◆ **Your goal**
In the listing below, write out exactly each line from the first through the one containing "#18=AXIS2_PLACEMENT_3D('',#15,#16,#17);".

◆ **Exercise data**

=== Begin Enclosure ===

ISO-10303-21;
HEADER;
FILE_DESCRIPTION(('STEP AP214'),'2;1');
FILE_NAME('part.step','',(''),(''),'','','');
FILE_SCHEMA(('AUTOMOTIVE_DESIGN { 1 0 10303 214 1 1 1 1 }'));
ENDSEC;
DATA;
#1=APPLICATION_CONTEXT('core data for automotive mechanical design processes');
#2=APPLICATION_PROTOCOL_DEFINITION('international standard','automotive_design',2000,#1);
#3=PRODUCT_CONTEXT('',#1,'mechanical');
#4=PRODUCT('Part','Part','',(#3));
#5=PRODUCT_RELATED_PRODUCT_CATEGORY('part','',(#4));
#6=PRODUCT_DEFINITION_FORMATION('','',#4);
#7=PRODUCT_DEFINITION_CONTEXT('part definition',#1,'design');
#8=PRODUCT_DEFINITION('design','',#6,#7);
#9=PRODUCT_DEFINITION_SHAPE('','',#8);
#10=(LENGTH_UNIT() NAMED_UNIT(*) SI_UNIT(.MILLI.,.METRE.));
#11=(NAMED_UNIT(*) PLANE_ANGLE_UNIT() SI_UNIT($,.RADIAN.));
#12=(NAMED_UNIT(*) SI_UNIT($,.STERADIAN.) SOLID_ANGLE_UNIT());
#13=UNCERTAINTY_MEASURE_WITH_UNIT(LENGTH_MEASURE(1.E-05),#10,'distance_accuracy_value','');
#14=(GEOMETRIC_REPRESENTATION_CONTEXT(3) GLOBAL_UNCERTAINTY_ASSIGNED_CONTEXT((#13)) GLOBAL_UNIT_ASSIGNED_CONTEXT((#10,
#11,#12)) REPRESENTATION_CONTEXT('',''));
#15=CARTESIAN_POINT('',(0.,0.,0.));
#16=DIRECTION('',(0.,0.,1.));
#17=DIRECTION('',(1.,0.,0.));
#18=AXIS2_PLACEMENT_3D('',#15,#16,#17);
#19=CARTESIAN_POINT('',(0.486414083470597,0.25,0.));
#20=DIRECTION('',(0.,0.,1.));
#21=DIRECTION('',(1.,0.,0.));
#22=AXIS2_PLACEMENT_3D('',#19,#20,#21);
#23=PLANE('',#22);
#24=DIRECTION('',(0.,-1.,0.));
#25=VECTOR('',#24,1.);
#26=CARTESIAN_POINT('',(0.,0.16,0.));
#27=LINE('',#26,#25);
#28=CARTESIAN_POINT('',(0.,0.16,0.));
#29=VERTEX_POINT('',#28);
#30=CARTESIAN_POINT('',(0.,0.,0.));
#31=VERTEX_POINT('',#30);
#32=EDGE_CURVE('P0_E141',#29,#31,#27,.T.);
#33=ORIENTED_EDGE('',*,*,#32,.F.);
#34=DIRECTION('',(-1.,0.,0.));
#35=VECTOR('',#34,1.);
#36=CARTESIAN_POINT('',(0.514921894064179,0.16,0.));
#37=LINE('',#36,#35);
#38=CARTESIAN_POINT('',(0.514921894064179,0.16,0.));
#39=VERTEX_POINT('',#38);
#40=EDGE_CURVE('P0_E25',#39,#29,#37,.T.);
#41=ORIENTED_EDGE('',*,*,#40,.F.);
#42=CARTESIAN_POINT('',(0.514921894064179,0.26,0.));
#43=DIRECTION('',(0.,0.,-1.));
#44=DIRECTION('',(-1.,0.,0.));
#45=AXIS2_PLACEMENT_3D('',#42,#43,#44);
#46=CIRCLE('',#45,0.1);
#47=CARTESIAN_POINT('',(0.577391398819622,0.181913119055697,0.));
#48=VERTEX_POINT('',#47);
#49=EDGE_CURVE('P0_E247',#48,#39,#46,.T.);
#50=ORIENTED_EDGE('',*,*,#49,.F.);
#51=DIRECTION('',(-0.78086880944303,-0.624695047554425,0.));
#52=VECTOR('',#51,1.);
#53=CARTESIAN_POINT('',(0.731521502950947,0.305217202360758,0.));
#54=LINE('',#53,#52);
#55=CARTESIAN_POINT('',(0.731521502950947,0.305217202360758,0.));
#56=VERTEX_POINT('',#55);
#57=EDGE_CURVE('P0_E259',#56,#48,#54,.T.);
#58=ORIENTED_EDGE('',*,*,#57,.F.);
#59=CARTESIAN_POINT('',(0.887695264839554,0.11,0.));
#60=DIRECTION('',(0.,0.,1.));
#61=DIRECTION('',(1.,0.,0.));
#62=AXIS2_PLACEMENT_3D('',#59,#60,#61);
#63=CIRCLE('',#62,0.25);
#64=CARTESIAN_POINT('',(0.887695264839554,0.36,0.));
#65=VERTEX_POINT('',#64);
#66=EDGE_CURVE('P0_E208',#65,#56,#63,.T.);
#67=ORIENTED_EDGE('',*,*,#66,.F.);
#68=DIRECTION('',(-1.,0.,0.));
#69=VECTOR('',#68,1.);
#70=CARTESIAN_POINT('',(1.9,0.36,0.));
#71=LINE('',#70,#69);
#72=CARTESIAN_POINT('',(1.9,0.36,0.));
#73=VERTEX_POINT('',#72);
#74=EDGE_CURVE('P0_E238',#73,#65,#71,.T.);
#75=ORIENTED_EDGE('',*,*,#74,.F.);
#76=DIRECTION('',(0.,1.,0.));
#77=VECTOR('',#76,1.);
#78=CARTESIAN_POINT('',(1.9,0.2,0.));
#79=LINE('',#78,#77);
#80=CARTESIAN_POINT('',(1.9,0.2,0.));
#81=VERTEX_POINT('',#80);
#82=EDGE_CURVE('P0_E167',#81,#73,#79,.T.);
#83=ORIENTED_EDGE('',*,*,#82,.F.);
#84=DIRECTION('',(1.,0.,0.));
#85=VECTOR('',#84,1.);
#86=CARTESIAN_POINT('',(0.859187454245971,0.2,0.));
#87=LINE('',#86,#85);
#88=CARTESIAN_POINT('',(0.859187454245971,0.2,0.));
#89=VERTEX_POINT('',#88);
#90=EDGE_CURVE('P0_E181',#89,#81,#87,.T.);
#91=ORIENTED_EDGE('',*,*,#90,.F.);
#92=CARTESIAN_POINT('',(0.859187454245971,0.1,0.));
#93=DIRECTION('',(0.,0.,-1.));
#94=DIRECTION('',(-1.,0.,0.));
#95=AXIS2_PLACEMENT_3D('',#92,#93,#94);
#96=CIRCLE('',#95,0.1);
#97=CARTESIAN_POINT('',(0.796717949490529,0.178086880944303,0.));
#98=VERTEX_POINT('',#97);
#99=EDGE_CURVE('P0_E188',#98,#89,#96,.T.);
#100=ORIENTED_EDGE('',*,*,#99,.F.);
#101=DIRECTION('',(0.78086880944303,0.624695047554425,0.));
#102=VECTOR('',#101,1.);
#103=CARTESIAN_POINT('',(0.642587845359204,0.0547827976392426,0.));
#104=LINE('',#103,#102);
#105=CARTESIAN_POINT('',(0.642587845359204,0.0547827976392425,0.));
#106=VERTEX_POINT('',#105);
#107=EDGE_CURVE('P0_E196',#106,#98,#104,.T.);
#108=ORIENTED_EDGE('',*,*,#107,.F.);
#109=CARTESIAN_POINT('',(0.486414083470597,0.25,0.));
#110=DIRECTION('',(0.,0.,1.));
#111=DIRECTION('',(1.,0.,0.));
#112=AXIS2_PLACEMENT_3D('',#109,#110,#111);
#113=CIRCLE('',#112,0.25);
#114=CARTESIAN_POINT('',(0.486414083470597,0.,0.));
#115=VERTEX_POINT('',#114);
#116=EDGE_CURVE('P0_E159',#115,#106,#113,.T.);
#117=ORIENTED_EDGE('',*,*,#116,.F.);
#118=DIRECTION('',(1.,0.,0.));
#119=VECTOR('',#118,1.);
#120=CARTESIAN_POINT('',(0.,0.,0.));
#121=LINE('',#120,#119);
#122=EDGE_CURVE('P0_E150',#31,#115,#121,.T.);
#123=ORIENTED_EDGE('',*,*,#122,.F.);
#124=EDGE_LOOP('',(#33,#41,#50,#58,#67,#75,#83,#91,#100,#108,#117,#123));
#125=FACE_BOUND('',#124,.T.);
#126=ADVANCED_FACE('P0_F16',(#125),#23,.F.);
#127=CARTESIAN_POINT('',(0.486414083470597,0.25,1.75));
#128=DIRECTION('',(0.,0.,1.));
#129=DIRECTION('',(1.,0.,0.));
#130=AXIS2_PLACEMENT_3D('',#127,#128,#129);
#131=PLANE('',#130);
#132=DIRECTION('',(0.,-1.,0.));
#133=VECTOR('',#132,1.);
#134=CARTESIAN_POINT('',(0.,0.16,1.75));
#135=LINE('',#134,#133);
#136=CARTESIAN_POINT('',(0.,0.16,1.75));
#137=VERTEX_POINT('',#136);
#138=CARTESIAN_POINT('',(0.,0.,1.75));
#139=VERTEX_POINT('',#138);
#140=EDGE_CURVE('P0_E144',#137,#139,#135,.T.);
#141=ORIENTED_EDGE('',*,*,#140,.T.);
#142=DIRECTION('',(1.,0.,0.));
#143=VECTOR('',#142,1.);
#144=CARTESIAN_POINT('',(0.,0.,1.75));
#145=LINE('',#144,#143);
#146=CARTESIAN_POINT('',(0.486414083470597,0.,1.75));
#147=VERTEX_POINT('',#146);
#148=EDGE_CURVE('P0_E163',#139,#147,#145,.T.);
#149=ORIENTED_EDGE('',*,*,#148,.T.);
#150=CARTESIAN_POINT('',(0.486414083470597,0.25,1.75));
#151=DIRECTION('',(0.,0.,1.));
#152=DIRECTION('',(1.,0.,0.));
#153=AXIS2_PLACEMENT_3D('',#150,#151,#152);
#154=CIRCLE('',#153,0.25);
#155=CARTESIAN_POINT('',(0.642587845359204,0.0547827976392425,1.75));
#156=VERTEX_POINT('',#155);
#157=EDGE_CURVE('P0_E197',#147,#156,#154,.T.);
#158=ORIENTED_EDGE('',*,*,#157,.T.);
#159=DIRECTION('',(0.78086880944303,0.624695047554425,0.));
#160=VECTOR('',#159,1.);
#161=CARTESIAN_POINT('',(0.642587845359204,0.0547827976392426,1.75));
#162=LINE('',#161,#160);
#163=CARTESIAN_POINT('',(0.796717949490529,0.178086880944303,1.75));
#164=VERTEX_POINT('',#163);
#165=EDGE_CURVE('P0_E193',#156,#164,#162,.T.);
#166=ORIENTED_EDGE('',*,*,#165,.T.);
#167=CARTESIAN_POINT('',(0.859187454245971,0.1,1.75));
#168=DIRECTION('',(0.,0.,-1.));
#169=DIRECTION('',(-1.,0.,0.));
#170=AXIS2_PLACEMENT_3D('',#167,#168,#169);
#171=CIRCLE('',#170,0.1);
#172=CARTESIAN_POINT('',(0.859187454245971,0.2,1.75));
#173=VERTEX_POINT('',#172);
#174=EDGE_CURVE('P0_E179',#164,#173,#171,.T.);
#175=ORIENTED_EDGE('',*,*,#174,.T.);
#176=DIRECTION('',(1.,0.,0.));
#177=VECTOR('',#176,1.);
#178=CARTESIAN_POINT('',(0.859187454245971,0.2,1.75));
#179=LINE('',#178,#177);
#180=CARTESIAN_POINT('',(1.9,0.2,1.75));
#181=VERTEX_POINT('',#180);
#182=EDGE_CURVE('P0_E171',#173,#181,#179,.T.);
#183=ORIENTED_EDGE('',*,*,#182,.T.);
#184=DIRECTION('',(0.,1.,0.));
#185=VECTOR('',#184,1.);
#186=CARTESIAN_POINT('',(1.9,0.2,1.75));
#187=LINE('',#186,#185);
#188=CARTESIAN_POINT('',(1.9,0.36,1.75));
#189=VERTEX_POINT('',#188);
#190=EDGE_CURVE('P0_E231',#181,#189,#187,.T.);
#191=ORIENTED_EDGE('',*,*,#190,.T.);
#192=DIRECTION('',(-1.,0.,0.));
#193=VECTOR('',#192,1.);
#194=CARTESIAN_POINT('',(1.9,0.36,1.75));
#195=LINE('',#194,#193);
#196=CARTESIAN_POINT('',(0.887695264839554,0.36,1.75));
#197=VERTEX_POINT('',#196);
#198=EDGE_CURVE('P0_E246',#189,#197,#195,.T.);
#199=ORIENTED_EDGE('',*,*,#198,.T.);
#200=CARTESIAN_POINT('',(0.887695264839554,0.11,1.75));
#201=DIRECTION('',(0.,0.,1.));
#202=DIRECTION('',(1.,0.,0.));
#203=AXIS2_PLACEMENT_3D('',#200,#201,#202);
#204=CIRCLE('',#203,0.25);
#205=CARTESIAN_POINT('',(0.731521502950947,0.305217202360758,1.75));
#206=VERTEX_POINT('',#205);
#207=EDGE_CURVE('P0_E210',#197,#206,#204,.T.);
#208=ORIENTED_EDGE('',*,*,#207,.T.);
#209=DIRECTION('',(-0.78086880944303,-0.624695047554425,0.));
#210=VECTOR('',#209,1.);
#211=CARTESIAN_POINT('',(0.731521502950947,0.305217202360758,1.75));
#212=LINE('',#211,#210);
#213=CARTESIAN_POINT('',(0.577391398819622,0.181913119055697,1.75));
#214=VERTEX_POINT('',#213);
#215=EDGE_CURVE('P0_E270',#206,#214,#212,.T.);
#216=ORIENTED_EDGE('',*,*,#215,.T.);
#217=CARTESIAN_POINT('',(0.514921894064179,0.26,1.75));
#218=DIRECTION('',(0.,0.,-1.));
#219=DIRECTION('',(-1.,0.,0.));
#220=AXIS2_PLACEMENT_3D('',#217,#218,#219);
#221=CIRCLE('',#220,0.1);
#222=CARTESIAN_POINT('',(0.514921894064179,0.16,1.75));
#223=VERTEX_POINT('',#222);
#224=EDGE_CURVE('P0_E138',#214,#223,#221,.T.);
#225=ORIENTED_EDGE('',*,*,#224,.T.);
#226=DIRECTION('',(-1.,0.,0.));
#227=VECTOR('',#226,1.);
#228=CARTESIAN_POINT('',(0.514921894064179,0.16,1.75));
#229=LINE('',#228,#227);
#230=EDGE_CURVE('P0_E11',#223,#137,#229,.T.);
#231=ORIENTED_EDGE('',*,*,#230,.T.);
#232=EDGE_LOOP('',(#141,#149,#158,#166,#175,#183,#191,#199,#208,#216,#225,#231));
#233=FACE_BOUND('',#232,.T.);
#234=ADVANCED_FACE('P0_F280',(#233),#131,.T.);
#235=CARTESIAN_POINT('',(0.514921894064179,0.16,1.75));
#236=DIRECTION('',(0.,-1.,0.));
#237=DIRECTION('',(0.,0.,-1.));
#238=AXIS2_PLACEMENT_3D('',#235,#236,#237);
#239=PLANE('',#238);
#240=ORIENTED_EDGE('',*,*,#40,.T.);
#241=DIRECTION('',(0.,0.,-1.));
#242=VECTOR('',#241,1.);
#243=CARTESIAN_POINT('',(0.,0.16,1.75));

=== End Enclosure ===

◆ **Exercise result**
ISO-10303-21;
HEADER;
FILE_DESCRIPTION(('STEP AP214'),'2;1');
FILE_NAME('part.step','',(''),(''),'','','');
FILE_SCHEMA(('AUTOMOTIVE_DESIGN { 1 0 10303 214 1 1 1 1 }'));
ENDSEC;
DATA;
#1=APPLICATION_CONTEXT('core data for automotive mechanical design processes');
#2=APPLICATION_PROTOCOL_DEFINITION('international standard','automotive_design',2000,#1);
#3=PRODUCT_CONTEXT('',#1,'mechanical');
#4=PRODUCT('Part','Part','',(#3));
#5=PRODUCT_RELATED_PRODUCT_CATEGORY('part','',(#4));
#6=PRODUCT_DEFINITION_FORMATION('','',#4);
#7=PRODUCT_DEFINITION_CONTEXT('part definition',#1,'design');
#8=PRODUCT_DEFINITION('design','',#6,#7);
#9=PRODUCT_DEFINITION_SHAPE('','',#8);
#10=(LENGTH_UNIT() NAMED_UNIT(*) SI_UNIT(.MILLI.,.METRE.));
#11=(NAMED_UNIT(*) PLANE_ANGLE_UNIT() SI_UNIT($,.RADIAN.));
#12=(NAMED_UNIT(*) SI_UNIT($,.STERADIAN.) SOLID_ANGLE_UNIT());
#13=UNCERTAINTY_MEASURE_WITH_UNIT(LENGTH_MEASURE(1.E-05),#10,'distance_accuracy_value','');
#14=(GEOMETRIC_REPRESENTATION_CONTEXT(3) GLOBAL_UNCERTAINTY_ASSIGNED_CONTEXT((#13)) GLOBAL_UNIT_ASSIGNED_CONTEXT((#10,
#11,#12)) REPRESENTATION_CONTEXT('',''));
#15=CARTESIAN_POINT('',(0.,0.,0.));
#16=DIRECTION('',(0.,0.,1.));
#17=DIRECTION('',(1.,0.,0.));
#18=AXIS2_PLACEMENT_3D('',#15,#16,#17);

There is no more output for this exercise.